Task description
Retype, word for word, each line between the lines holding "(991.2, 1099)], flags=0)" and "(801.95, 1567.02)], flags=0)", inclusive, and leave the rest of the data alone.
• • • • • • •
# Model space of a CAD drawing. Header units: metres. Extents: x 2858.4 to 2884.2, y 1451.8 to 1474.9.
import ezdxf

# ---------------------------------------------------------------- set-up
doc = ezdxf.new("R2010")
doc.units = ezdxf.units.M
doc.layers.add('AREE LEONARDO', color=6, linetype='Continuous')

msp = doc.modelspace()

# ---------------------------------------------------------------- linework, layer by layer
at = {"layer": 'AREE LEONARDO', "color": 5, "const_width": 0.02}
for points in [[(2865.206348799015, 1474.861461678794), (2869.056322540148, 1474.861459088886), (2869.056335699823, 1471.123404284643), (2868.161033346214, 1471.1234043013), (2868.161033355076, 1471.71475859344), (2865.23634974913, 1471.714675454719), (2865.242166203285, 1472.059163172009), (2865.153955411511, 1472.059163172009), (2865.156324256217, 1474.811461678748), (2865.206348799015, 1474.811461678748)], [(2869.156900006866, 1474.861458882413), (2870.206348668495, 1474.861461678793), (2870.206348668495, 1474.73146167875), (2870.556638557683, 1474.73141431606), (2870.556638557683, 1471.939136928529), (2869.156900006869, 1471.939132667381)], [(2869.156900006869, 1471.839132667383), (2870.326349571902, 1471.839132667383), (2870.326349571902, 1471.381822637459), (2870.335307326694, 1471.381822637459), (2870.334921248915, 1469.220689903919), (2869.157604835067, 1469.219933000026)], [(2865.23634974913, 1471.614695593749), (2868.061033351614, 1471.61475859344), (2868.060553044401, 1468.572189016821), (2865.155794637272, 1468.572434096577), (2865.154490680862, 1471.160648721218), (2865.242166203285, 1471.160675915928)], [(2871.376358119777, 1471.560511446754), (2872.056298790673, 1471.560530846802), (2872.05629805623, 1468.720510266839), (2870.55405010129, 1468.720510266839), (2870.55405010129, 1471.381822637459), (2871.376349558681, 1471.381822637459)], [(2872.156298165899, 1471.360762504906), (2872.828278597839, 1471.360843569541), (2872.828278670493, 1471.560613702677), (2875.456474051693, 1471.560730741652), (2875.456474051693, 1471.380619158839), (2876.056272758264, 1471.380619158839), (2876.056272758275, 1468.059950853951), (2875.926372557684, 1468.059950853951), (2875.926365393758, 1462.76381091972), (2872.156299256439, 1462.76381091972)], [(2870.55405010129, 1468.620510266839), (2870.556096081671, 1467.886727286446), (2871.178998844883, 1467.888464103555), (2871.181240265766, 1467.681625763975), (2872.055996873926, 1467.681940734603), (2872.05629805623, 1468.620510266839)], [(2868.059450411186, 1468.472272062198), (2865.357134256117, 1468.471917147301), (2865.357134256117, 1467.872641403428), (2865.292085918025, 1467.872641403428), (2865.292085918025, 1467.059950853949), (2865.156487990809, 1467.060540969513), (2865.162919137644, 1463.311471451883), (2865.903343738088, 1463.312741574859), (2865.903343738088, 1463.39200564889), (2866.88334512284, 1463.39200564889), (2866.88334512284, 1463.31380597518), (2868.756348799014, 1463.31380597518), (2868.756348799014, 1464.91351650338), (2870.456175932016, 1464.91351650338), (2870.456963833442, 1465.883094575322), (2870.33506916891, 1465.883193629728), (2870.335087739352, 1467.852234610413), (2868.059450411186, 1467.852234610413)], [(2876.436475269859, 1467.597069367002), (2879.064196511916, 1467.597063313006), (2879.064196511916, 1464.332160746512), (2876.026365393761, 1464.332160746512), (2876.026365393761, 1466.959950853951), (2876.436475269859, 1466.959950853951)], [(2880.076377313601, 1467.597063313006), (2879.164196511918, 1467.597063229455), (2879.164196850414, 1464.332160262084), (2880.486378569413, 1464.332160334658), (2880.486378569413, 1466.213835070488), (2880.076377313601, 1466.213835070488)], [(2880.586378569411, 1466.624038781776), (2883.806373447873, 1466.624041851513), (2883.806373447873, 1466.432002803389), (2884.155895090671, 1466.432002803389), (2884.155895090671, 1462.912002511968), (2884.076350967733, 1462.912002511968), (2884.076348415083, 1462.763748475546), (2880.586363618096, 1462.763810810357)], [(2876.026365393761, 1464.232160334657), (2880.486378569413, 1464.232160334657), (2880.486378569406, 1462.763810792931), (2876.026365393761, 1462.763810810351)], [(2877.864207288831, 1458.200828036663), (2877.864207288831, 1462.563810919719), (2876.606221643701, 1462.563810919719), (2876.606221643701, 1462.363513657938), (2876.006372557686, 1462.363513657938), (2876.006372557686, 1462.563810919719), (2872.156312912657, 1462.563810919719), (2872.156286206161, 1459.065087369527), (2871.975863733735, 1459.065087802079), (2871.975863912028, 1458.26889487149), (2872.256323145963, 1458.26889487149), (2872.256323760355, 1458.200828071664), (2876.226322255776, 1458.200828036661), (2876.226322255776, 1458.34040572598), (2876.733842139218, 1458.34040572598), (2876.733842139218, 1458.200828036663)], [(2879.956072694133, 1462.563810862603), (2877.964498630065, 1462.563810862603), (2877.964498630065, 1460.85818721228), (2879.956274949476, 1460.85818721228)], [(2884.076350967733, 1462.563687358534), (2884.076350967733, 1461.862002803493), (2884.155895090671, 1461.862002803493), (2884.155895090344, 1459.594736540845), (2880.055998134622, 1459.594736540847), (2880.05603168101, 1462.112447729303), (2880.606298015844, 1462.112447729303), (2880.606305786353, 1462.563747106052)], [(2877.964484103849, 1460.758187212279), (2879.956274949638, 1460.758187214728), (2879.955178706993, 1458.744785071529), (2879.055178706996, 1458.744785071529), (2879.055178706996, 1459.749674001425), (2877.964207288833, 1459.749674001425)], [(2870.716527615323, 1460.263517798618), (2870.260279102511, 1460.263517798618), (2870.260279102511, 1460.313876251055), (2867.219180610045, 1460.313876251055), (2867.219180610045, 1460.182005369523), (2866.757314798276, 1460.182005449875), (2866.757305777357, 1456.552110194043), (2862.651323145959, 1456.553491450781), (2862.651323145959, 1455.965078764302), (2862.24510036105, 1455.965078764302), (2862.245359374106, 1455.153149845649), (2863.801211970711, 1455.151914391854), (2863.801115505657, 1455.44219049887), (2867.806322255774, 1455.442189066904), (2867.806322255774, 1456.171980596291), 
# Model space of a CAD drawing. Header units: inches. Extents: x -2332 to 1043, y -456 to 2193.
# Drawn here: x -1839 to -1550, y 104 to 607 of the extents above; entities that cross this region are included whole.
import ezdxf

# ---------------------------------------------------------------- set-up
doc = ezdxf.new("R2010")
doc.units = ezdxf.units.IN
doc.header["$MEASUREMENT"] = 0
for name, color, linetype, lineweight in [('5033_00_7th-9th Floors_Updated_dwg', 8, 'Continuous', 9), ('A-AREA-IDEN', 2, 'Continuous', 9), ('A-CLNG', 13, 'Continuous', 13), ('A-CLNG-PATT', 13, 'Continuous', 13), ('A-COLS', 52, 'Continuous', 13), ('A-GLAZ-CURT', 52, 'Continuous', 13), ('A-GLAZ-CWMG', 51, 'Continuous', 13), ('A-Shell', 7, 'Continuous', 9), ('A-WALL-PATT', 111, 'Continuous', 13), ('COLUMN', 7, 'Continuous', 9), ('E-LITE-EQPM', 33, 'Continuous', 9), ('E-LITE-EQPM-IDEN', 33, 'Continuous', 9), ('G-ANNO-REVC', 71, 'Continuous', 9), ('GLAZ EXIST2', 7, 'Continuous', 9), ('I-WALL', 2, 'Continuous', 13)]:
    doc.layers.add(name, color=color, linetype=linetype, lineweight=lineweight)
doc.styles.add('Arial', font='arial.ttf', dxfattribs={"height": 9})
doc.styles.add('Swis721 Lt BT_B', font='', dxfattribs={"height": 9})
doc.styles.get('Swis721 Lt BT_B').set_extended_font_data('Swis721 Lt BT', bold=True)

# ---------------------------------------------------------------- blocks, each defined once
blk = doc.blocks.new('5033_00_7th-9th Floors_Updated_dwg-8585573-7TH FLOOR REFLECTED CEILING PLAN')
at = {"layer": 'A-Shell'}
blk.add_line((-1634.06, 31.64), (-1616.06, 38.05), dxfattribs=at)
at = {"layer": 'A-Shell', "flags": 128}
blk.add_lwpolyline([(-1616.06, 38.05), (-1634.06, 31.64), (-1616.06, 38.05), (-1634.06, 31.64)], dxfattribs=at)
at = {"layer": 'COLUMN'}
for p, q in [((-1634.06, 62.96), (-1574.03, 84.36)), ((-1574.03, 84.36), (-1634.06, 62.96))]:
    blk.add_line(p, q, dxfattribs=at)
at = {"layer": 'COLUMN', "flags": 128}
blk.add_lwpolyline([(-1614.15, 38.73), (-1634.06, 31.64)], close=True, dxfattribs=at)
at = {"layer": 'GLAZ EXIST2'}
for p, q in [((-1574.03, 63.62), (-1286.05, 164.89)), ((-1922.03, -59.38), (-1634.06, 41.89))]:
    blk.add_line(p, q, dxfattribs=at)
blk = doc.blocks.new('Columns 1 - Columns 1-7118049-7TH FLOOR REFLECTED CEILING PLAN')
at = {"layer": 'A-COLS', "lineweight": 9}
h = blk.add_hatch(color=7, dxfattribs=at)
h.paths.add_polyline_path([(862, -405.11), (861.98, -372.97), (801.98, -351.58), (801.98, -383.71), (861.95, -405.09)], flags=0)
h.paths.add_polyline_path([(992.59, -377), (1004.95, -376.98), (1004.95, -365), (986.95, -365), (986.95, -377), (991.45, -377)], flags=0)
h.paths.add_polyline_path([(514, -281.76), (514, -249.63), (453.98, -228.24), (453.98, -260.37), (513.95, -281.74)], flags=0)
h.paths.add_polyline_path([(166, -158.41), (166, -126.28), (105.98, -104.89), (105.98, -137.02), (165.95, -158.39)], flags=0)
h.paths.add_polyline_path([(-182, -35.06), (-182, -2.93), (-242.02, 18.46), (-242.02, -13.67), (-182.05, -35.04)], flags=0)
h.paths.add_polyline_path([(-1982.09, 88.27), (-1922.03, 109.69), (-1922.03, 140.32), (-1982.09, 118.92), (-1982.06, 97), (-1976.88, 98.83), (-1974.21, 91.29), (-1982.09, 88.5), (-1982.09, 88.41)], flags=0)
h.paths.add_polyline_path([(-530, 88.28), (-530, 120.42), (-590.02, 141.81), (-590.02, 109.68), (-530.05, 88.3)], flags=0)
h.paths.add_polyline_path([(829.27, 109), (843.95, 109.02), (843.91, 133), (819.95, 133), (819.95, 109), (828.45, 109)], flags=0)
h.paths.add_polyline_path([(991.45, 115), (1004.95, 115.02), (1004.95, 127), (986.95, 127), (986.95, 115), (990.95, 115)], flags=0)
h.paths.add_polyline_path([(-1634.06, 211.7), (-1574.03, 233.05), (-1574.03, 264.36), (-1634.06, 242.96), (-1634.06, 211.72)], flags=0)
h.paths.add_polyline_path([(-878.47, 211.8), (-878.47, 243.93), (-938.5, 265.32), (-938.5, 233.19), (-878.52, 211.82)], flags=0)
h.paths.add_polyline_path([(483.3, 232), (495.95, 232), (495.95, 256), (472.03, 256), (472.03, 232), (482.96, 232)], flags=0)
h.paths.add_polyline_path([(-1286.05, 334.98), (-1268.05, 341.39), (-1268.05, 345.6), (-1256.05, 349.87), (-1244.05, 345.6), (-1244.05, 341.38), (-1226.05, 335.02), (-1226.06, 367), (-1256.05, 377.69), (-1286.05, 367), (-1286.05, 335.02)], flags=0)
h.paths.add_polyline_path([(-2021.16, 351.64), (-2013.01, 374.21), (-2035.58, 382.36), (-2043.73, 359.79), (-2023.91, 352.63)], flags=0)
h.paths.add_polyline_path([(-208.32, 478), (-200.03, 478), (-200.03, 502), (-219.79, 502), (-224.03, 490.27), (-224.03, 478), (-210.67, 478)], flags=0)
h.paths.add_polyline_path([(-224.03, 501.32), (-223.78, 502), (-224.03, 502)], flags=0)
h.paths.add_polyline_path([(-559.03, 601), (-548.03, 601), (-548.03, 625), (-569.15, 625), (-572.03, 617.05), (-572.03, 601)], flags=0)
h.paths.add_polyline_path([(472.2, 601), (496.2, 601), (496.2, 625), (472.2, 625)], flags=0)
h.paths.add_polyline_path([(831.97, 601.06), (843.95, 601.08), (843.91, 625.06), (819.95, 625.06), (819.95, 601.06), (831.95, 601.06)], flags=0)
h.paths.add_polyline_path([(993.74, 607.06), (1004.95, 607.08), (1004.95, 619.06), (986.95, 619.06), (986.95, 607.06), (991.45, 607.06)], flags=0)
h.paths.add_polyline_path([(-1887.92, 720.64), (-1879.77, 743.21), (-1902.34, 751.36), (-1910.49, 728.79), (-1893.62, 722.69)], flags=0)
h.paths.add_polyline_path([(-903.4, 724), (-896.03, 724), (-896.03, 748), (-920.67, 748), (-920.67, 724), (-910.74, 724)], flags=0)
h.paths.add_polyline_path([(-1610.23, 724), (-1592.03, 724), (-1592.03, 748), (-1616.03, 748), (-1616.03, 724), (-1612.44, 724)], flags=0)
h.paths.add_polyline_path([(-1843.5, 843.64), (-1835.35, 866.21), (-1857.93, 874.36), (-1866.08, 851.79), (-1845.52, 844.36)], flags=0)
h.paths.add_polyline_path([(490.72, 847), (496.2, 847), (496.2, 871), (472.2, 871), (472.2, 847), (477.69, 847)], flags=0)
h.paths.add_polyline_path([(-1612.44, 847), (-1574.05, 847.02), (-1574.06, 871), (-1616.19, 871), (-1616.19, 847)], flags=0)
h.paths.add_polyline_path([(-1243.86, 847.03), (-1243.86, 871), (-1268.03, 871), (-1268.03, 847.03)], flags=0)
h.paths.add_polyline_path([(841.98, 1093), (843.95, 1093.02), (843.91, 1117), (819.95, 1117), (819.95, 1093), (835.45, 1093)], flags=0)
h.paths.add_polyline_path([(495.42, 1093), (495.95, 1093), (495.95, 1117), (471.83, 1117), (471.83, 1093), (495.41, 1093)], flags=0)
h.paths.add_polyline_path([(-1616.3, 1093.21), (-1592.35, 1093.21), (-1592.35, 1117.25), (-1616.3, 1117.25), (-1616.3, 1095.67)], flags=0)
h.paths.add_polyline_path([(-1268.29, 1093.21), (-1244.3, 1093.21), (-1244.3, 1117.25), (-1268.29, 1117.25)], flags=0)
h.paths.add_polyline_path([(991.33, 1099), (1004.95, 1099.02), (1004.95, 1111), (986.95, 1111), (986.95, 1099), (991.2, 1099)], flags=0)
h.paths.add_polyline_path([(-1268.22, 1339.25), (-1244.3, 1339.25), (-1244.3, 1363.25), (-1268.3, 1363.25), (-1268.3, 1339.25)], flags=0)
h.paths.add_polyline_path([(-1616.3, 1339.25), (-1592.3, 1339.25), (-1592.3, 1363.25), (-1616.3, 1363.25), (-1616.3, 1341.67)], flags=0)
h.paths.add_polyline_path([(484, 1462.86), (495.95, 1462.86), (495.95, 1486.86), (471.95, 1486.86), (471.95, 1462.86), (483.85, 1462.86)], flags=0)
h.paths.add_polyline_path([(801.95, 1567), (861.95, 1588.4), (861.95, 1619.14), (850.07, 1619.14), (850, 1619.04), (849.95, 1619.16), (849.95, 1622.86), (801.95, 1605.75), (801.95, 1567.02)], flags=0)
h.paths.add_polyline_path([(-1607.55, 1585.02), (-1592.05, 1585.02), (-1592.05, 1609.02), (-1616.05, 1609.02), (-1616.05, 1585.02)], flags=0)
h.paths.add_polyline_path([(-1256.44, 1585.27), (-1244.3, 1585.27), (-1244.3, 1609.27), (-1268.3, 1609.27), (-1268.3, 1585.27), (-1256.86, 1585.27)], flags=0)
• • • • • • •
Result of the exercise
h.paths.add_polyline_path([(991.33, 1099), (1004.95, 1099.02), (1004.95, 1111), (986.95, 1111), (986.95, 1099), (991.2, 1099)], flags=0)
h.paths.add_polyline_path([(-1268.22, 1339.25), (-1244.3, 1339.25), (-1244.3, 1363.25), (-1268.3, 1363.25), (-1268.3, 1339.25)], flags=0)
h.paths.add_polyline_path([(-1616.3, 1339.25), (-1592.3, 1339.25), (-1592.3, 1363.25), (-1616.3, 1363.25), (-1616.3, 1341.67)], flags=0)
h.paths.add_polyline_path([(484, 1462.86), (495.95, 1462.86), (495.95, 1486.86), (471.95, 1486.86), (471.95, 1462.86), (483.85, 1462.86)], flags=0)
h.paths.add_polyline_path([(801.95, 1567), (861.95, 1588.4), (861.95, 1619.14), (850.07, 1619.14), (850, 1619.04), (849.95, 1619.16), (849.95, 1622.86), (801.95, 1605.75), (801.95, 1567.02)], flags=0)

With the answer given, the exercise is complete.